# Assigned task:
Only lines holding "application" are needed; copy each of them from the data below.

___

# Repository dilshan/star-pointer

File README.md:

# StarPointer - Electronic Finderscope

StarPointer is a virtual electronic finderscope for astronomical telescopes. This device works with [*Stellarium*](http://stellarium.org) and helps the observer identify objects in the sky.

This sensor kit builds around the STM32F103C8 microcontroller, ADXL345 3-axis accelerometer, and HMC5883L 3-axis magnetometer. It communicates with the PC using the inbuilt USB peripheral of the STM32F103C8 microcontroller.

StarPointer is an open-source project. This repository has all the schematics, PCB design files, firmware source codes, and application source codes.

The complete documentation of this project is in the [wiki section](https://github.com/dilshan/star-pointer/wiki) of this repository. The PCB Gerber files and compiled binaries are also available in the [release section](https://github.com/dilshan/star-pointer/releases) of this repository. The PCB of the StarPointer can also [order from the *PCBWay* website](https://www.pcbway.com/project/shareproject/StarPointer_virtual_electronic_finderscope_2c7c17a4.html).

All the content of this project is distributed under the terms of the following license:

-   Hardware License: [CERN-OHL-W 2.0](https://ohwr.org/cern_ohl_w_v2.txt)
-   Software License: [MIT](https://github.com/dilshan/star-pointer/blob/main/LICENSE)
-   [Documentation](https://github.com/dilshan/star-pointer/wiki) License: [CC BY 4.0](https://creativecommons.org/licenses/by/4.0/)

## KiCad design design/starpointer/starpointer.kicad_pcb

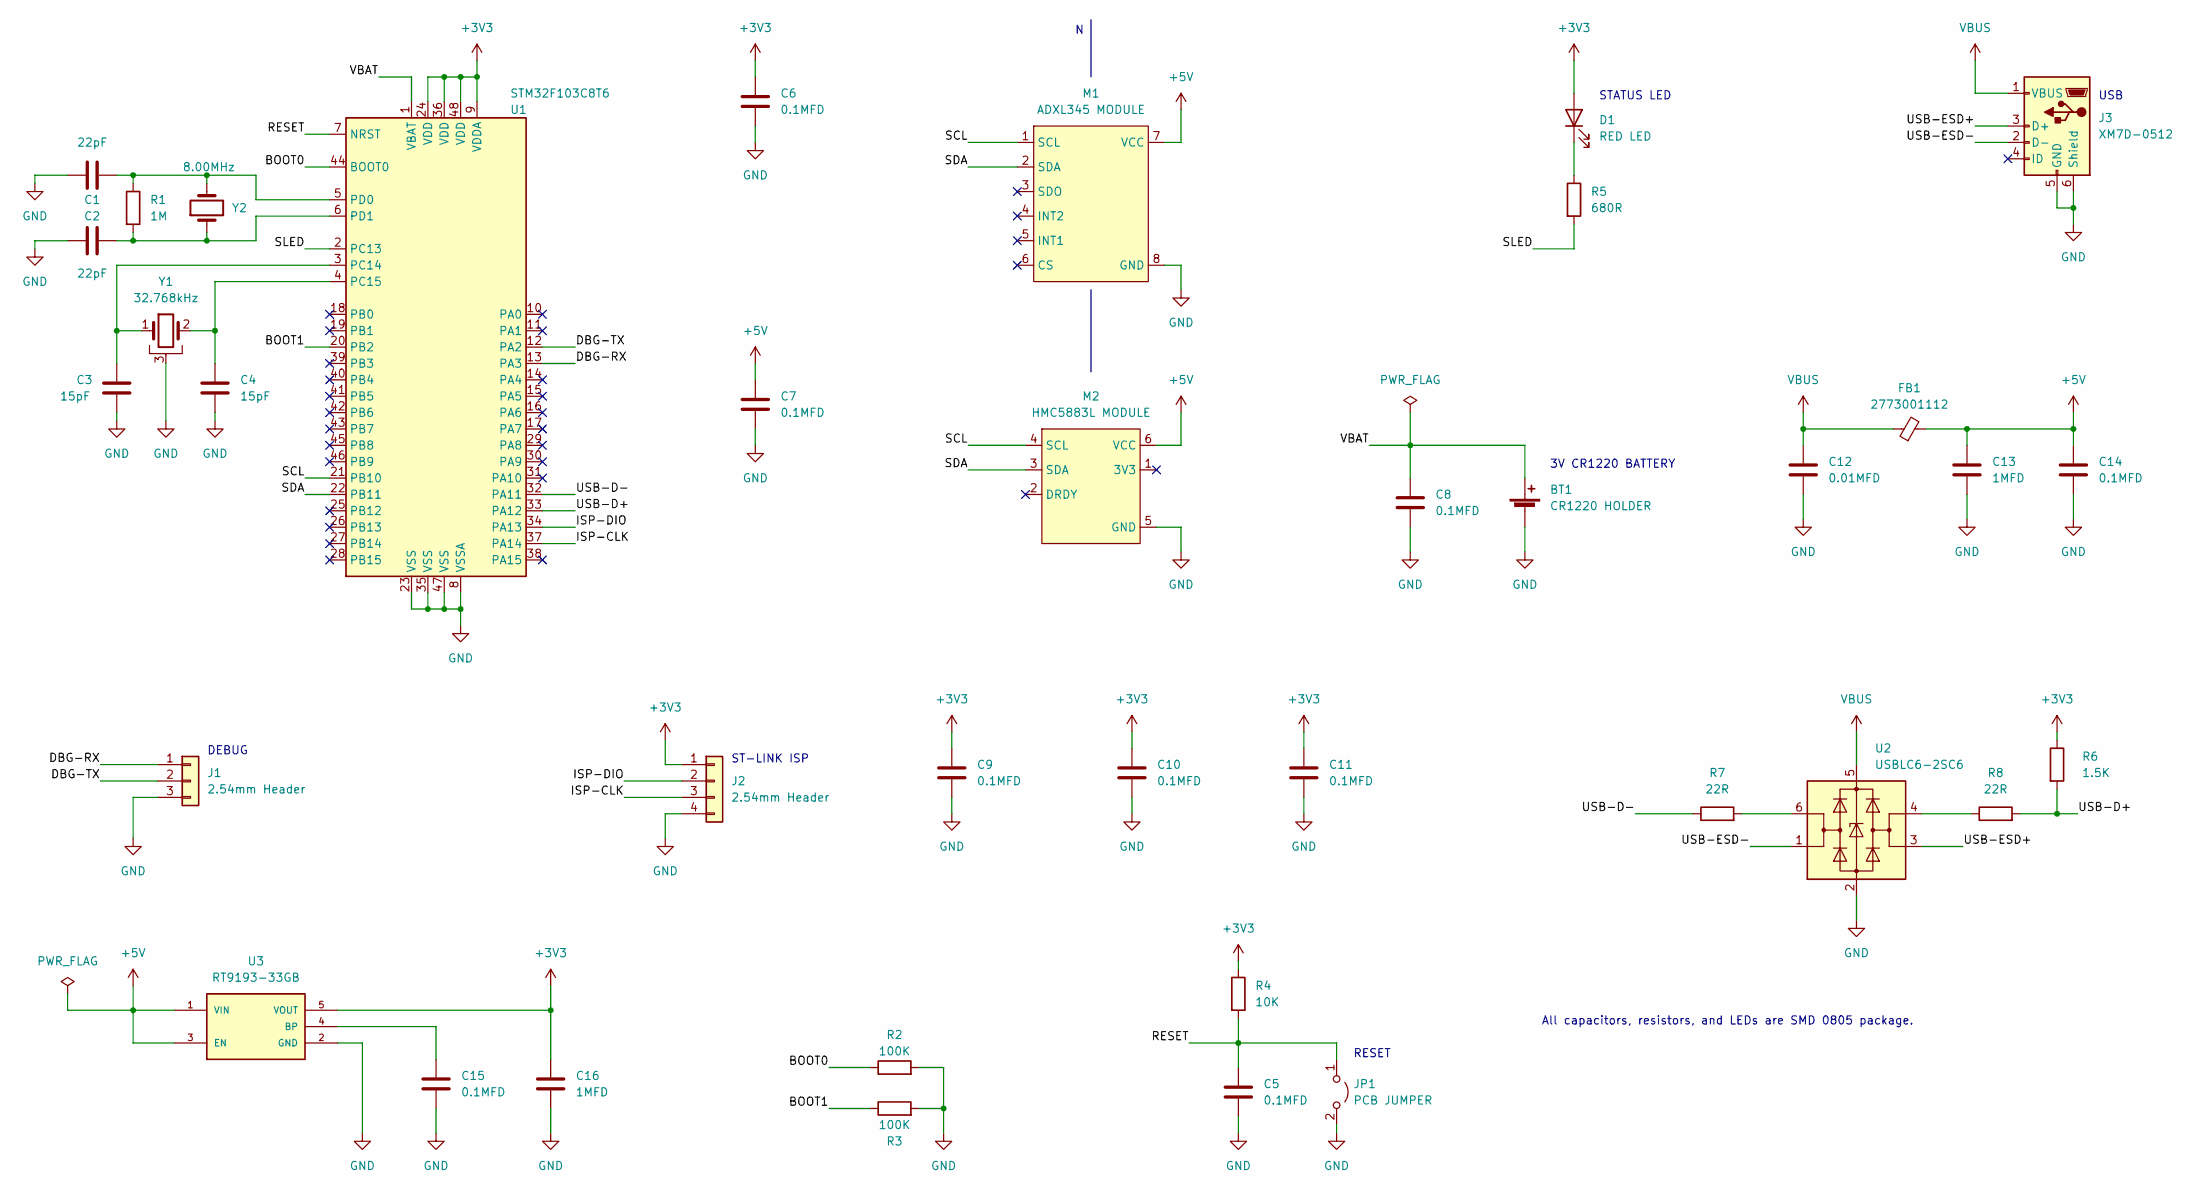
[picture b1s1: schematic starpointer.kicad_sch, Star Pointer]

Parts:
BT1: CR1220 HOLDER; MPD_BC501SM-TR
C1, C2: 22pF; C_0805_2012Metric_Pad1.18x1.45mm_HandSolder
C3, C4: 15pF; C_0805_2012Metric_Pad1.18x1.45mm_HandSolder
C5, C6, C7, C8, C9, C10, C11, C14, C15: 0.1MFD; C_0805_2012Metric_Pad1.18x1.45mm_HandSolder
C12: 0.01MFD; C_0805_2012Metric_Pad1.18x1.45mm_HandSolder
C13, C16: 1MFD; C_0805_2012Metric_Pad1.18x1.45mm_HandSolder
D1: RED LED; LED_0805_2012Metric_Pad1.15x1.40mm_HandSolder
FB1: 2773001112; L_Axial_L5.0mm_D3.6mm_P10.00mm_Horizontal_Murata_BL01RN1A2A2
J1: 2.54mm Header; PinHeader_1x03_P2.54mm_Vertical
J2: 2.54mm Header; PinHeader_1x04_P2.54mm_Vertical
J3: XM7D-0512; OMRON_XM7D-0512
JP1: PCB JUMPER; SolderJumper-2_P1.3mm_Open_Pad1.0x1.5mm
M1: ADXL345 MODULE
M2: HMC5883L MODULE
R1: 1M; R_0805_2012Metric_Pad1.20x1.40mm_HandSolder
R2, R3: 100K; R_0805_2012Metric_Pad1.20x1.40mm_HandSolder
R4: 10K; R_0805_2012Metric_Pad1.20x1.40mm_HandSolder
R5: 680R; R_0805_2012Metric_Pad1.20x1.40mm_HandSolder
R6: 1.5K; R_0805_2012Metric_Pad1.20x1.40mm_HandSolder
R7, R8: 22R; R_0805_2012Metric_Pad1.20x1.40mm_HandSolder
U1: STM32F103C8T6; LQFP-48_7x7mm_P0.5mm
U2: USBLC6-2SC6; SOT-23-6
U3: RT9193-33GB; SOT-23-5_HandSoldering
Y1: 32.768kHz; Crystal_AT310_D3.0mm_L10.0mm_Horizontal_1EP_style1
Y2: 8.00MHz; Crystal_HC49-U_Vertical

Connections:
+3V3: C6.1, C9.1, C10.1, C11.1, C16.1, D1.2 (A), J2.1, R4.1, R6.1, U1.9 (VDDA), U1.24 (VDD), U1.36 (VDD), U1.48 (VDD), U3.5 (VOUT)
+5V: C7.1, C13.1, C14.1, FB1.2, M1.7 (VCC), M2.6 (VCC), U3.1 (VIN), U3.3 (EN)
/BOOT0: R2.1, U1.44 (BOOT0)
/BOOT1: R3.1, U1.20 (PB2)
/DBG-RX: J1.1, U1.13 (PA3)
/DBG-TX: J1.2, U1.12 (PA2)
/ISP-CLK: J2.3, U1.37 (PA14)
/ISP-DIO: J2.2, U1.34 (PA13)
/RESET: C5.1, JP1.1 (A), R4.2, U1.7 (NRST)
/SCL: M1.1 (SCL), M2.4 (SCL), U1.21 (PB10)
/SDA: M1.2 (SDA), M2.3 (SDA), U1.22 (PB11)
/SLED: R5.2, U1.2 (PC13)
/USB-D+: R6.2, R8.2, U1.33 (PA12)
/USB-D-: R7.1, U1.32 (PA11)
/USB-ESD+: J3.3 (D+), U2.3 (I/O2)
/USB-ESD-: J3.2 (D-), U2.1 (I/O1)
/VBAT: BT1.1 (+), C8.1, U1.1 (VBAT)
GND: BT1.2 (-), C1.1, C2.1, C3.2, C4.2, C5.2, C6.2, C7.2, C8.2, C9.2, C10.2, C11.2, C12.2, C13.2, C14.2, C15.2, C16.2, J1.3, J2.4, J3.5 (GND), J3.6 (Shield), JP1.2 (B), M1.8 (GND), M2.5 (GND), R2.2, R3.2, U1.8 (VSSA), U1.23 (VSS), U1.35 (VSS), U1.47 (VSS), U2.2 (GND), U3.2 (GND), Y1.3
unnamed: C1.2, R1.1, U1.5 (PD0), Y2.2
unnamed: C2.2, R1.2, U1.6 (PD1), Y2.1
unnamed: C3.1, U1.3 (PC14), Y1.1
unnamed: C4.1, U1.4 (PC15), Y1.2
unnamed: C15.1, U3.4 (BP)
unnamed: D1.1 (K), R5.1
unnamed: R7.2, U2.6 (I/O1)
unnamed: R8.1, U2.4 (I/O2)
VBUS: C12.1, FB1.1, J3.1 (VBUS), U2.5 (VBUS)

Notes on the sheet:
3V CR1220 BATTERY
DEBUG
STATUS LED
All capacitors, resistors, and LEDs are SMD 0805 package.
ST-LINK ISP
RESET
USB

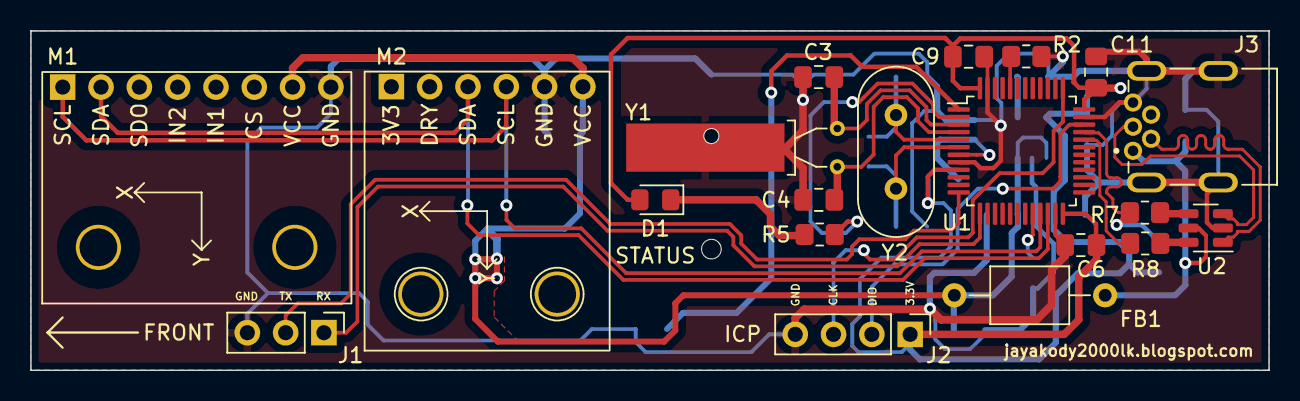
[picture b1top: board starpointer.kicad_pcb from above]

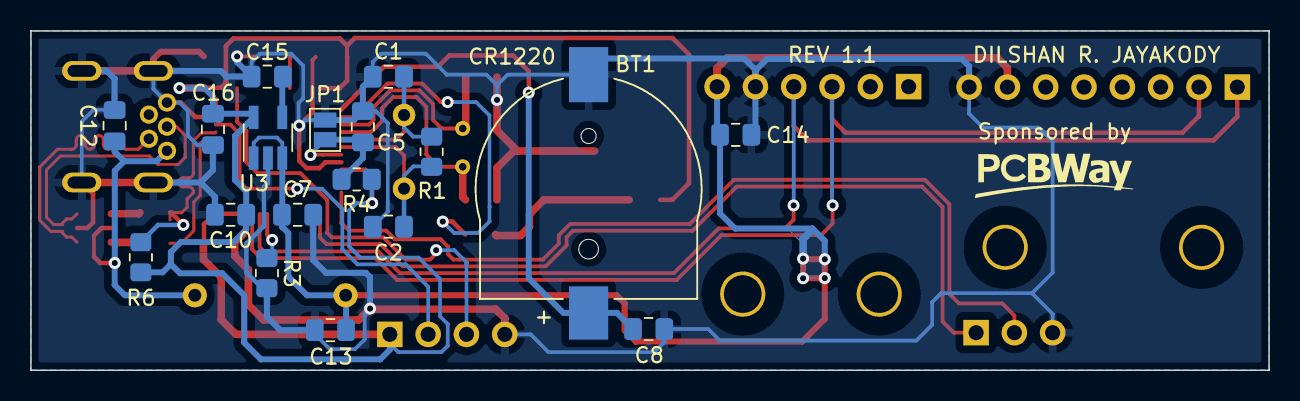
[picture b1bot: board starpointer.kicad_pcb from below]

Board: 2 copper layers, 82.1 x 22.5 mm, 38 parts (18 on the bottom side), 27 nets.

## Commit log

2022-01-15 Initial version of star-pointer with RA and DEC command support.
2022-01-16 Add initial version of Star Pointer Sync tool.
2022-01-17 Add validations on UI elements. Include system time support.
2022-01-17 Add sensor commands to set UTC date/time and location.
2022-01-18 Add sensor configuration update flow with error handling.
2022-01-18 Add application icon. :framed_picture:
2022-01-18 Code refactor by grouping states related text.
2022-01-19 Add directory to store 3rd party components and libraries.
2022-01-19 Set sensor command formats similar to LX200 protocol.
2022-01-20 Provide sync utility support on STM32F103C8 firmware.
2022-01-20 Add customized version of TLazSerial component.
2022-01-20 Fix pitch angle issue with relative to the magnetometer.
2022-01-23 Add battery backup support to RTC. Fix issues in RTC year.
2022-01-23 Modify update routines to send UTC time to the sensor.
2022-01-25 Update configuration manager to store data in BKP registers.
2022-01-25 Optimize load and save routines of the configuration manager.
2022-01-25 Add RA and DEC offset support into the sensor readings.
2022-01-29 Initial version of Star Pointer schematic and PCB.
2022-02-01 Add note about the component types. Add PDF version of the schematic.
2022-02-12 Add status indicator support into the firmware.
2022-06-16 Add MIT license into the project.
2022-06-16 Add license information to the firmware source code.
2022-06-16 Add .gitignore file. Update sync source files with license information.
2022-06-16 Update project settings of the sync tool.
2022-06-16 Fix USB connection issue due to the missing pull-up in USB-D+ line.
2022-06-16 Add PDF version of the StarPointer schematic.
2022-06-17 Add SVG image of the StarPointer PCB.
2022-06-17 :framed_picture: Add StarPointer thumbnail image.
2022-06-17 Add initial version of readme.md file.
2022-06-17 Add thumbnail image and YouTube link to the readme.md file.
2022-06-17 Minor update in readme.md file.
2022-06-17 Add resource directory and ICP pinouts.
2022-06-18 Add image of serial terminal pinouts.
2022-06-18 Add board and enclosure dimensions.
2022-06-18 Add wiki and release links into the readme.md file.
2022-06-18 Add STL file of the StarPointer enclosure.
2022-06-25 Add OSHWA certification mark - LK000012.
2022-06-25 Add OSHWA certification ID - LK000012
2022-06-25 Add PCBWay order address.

___

# Reply:
StarPointer is an open-source project. This repository has all the schematics, PCB design files, firmware source codes, and application source codes.
2022-01-18 Add application icon. :framed_picture:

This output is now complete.